-------- Records to process

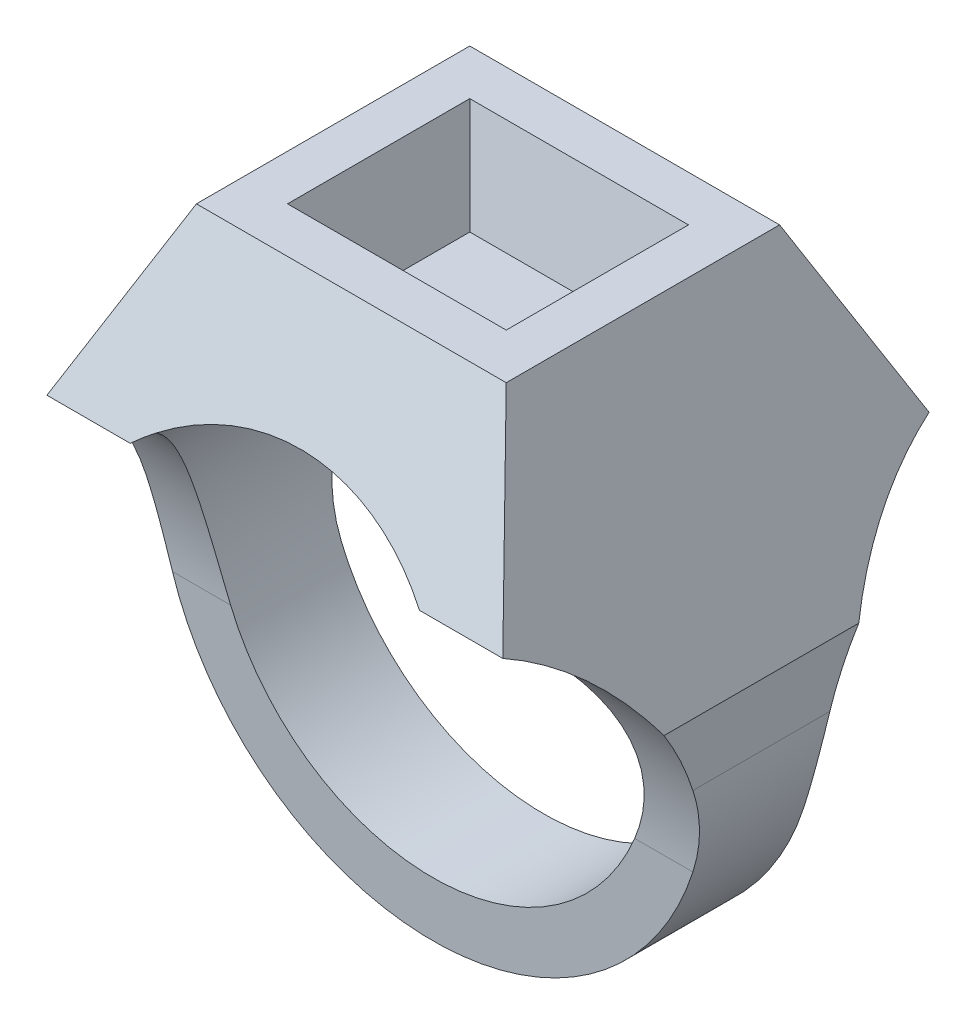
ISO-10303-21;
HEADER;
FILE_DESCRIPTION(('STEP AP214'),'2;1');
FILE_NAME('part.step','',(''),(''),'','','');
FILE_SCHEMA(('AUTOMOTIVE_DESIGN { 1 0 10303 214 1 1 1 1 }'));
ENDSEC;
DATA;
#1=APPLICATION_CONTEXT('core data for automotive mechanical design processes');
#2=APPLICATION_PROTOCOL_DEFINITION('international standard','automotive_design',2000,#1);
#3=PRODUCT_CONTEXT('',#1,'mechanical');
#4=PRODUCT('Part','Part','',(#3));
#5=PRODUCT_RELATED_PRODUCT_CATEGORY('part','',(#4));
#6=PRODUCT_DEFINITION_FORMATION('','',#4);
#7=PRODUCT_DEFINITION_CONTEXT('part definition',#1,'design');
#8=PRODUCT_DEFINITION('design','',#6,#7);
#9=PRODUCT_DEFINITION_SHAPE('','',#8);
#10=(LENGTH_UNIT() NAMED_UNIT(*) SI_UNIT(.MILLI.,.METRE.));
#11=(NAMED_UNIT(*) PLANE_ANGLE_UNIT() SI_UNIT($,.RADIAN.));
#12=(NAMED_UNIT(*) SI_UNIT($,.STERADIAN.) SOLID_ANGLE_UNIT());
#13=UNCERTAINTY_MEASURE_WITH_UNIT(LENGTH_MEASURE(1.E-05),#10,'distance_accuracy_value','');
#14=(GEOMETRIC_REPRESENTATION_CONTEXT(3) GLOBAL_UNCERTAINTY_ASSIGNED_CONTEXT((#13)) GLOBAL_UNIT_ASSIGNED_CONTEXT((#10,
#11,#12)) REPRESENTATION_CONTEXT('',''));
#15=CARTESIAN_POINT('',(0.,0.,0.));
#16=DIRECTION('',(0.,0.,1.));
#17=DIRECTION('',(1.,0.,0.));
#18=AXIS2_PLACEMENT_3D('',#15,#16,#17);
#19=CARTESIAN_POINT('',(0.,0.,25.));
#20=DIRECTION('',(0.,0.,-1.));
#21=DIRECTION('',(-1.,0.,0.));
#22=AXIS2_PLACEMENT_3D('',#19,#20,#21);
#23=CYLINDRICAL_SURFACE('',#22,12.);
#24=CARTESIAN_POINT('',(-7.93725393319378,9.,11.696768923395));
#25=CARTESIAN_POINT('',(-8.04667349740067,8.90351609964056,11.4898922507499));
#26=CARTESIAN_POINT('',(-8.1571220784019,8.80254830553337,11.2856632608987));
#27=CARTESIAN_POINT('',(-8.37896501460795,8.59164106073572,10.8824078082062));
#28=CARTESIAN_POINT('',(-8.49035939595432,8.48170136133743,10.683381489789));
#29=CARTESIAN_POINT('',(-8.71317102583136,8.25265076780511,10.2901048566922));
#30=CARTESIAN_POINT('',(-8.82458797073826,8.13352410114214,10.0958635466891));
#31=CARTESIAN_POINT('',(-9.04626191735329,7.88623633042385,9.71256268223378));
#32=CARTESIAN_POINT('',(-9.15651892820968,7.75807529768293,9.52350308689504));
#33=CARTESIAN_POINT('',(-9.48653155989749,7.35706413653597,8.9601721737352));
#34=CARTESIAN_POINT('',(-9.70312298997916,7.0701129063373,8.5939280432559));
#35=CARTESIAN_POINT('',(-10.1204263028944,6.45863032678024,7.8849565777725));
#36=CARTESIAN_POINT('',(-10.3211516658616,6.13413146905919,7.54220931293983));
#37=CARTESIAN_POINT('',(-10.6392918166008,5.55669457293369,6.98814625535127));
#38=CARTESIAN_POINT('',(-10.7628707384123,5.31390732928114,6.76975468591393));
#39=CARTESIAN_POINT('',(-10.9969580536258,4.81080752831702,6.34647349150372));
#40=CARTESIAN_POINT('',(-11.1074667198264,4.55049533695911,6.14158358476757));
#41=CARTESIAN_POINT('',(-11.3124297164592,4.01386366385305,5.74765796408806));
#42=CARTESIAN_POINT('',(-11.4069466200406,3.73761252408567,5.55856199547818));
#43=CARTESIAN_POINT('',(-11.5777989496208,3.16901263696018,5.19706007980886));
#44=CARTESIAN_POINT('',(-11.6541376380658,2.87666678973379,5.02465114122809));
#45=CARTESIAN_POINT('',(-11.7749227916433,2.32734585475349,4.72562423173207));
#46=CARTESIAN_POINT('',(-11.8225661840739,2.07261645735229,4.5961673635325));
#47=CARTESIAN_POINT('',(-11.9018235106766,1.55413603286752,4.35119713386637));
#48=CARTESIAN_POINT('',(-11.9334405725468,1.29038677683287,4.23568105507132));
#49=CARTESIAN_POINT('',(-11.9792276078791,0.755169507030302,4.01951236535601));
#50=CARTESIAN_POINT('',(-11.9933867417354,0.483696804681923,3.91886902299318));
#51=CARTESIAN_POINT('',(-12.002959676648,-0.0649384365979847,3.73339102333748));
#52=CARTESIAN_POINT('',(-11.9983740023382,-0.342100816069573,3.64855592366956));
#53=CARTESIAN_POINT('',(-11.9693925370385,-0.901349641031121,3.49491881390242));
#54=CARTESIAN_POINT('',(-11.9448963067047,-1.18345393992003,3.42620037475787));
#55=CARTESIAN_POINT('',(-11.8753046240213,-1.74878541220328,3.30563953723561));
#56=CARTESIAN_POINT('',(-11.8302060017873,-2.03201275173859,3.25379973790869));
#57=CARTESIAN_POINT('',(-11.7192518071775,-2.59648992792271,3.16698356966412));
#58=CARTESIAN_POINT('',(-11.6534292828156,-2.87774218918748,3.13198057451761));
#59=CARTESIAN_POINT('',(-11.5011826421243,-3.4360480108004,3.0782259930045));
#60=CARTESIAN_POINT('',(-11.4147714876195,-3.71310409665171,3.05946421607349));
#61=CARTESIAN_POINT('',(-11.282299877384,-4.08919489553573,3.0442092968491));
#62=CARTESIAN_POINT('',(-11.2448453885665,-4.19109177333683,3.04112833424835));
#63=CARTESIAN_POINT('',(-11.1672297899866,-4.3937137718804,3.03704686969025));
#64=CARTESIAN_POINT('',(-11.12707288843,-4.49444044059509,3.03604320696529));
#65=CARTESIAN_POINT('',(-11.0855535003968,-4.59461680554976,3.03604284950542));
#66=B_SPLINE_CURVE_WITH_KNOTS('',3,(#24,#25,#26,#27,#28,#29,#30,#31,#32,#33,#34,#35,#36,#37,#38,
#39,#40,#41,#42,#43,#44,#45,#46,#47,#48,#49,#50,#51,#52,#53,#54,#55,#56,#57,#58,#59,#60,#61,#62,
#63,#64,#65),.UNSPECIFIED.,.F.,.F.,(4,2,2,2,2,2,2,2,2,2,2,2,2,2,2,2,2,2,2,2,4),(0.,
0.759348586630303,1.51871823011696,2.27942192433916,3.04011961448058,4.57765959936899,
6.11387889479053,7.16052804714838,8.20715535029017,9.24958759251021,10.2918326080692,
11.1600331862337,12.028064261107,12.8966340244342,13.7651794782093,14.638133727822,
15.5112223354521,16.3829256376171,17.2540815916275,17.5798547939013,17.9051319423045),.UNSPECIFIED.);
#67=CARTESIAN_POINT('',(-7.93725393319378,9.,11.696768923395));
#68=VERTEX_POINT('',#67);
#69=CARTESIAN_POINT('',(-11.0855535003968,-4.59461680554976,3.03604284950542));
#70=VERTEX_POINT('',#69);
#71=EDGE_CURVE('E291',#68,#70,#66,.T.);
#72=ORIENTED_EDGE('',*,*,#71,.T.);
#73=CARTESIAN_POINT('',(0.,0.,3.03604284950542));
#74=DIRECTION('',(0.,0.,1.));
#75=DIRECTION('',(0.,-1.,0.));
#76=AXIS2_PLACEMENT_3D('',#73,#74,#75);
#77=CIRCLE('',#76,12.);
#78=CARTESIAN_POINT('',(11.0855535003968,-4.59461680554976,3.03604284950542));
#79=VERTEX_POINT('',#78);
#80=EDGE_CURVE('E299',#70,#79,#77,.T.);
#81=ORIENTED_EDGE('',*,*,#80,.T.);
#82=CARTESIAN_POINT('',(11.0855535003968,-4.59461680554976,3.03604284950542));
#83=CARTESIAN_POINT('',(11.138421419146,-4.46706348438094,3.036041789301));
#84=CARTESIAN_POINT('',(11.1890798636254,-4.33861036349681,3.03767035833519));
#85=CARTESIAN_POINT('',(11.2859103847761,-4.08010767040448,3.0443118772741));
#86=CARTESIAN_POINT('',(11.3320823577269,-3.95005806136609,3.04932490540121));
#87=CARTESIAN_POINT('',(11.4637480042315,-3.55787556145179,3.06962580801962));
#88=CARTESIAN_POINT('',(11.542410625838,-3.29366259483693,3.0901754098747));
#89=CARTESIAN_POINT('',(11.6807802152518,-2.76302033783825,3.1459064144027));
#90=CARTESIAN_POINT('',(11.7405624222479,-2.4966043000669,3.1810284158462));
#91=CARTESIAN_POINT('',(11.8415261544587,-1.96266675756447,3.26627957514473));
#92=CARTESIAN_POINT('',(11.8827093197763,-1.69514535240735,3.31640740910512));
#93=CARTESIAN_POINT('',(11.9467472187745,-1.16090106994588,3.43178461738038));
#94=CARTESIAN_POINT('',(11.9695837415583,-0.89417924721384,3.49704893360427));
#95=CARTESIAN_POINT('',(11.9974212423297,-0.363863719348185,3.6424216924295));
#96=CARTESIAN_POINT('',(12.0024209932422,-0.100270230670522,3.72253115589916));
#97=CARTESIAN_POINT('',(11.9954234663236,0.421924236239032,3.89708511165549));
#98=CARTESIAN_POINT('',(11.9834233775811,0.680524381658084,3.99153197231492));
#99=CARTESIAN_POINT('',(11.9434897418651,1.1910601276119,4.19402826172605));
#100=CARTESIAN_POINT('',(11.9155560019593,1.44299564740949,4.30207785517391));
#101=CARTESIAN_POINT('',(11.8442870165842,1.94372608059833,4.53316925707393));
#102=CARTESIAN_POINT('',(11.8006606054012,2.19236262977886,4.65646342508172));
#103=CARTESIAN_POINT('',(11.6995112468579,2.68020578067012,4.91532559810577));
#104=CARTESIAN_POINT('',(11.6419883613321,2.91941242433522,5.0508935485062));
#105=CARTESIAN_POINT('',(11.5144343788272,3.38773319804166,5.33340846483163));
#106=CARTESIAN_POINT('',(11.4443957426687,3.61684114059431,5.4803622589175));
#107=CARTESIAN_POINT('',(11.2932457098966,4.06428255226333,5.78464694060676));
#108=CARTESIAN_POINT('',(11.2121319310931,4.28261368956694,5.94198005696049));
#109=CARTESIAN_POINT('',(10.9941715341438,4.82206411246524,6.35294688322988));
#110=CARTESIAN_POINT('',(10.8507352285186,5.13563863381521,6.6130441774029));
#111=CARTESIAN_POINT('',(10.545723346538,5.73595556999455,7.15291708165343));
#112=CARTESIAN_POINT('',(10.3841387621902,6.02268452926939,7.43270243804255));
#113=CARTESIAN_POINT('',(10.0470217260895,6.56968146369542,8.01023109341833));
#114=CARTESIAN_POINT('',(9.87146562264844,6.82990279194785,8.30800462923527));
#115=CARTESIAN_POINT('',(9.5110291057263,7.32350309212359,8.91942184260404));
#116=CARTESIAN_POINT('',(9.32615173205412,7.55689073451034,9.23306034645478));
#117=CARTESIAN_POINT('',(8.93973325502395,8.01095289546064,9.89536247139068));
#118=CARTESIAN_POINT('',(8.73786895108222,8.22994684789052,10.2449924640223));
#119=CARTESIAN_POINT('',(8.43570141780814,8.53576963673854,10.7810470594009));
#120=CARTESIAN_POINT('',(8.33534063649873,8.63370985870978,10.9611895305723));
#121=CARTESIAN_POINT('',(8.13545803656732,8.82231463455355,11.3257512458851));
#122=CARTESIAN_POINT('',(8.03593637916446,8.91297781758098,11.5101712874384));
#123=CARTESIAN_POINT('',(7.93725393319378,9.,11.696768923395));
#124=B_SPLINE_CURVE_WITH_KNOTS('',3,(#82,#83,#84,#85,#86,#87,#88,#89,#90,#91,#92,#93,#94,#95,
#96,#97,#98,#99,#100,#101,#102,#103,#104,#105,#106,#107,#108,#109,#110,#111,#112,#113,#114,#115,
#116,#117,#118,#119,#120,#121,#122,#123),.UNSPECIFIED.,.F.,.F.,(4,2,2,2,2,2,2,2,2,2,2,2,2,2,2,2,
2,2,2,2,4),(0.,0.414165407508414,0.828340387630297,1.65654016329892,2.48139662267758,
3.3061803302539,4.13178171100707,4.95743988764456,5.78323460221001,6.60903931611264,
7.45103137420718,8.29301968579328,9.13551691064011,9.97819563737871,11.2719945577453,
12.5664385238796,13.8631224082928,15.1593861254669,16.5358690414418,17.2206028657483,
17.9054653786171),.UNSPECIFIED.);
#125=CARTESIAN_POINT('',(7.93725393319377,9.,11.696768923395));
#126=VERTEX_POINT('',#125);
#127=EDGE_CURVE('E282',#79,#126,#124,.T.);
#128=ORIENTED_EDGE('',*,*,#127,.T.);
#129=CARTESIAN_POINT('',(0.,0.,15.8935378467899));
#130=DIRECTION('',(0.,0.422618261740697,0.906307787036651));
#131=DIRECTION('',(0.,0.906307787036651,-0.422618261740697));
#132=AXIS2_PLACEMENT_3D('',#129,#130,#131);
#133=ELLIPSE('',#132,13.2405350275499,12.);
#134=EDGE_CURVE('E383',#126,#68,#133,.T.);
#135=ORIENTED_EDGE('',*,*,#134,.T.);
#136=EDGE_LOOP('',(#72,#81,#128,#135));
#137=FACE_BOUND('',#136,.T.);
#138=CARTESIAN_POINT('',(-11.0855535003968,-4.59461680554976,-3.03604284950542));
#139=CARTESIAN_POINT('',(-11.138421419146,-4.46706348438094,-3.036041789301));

----------------

| What to work on |
Set down, word for word, the line that contains "#131=DIRECTION('',(0.,0.906307787036651,-0.422618261740697));" and all lines after it up to the end of the listing.

| Written response |
#131=DIRECTION('',(0.,0.906307787036651,-0.422618261740697));
#132=AXIS2_PLACEMENT_3D('',#129,#130,#131);
#133=ELLIPSE('',#132,13.2405350275499,12.);
#134=EDGE_CURVE('E383',#126,#68,#133,.T.);
#135=ORIENTED_EDGE('',*,*,#134,.T.);
#136=EDGE_LOOP('',(#72,#81,#128,#135));
#137=FACE_BOUND('',#136,.T.);
#138=CARTESIAN_POINT('',(-11.0855535003968,-4.59461680554976,-3.03604284950542));
#139=CARTESIAN_POINT('',(-11.138421419146,-4.46706348438094,-3.036041789301));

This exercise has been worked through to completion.